Mengingat panjang masa jabatan tersebut, pemaparan tentang karakter kepemimpinan Putin disusun sesuai kronologi sejarah serta dirangkum dalam empat bagian: sejarah dan budaya, negara dan sistem politik, ekonomi, dan kebijakan luar negeri.
Drozdova dan Robinson menampilkan pragmatisme dan konservatifisme Putin di tiap bagian. Dalam masalah kebijakan luar negeri, misalnya, pidato dan wawancara Putin memperlihatkan bahwa stabilitas politik dan ekonomi dalam negeri Rusia merupakan prioritas utama dari pemimpin negeri yang memproduksi serial kartun Masha and The Bear tersebut.

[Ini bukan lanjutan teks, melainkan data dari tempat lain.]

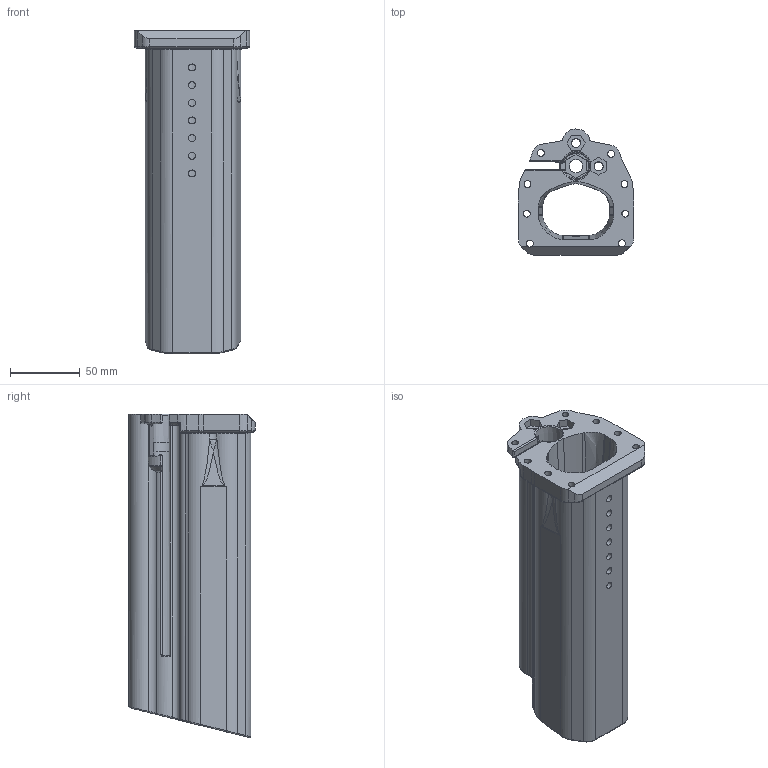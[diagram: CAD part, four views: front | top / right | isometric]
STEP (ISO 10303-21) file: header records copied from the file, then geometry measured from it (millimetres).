
FILE_DESCRIPTION(/* description */ ('STEP AP214'),/* implementation_level */ '2;1');
FILE_NAME(/* name */ 'PSG-style handguard-default catch-type2.stp',/* time_stamp */ '2021-11-25T00:07:11-06:00',/* author */ ('johne'),/* organization */ (''),/* preprocessor_version */ 'ST-DEVELOPER v18.1',/* originating_system */ 'Autodesk Inventor 2020',/* authorisation */ '');
FILE_SCHEMA (('AUTOMOTIVE_DESIGN { 1 0 10303 214 3 1 1 }'));
Length unit declared in the file: inch
Products named in the file (1): PSG-style handguard- default catch
Bounding box: 82.76 x 90.63 x 232.45 mm (x, y, z)
Volume: 528397.4 mm3; surface area: 121977.5 mm2
Topology: 1 solids, 1 shells, 370 faces, 995 edges, 611 vertices
Faces by surface type: cylinder 127, bspline 117, plane 73, torus 40, cone 8, sphere 5
Full cylindrical faces by diameter (mm): 5 x15, 6.477 x2, 9.525 x1
Entity records: 16287 total; most frequent: CARTESIAN_POINT 7514, ORIENTED_EDGE 1958, DIRECTION 1679, EDGE_CURVE 979, AXIS2_PLACEMENT_3D 667, VERTEX_POINT 611, EDGE_LOOP 408, FACE_OUTER_BOUND 370

Selain mengontol media dan mengarahkan produksi teks-teks sejarah agar sesuai dengan kepentingan negara, masih dalam konteks stabilitas internal, Putin beranggapan bahwa negara-negara di sekitar Rusia harus dikondisikan agar ikut menciptakan situasi yang mendukung keseimbangan di dalam negerinya.
Dalam beberapa kesempatan, Putin juga menegaskan posisi Rusia sebagai negara dengan kedaulatan penuh serta tidak terikat pada blok-blok internasional. Di saat yang sama, ia memproklamirkan tujuan negaranya untuk menciptakan tatanan dunia multipolar.
Putin tidak segan-segan menuding Amerika Serikat dan NATO sebagai blok yang senantiasa ingin mempertahankan hegemoni terhadap negara lain. Selama bertahun-tahun, di dalam pidatonya, Putin tegas menyoroti ekspansi organisasi militer tersebut sebagai ancaman.
Tidak mengherankan, ketika Ukraina ingin bergabung dengan NATO, Putin memilih patuh pada adagium bahwa pertahanan terbaik adalah menyerang. Uraaa!
Kereenn Tulisanya pak..
Terima kasih, Jihad.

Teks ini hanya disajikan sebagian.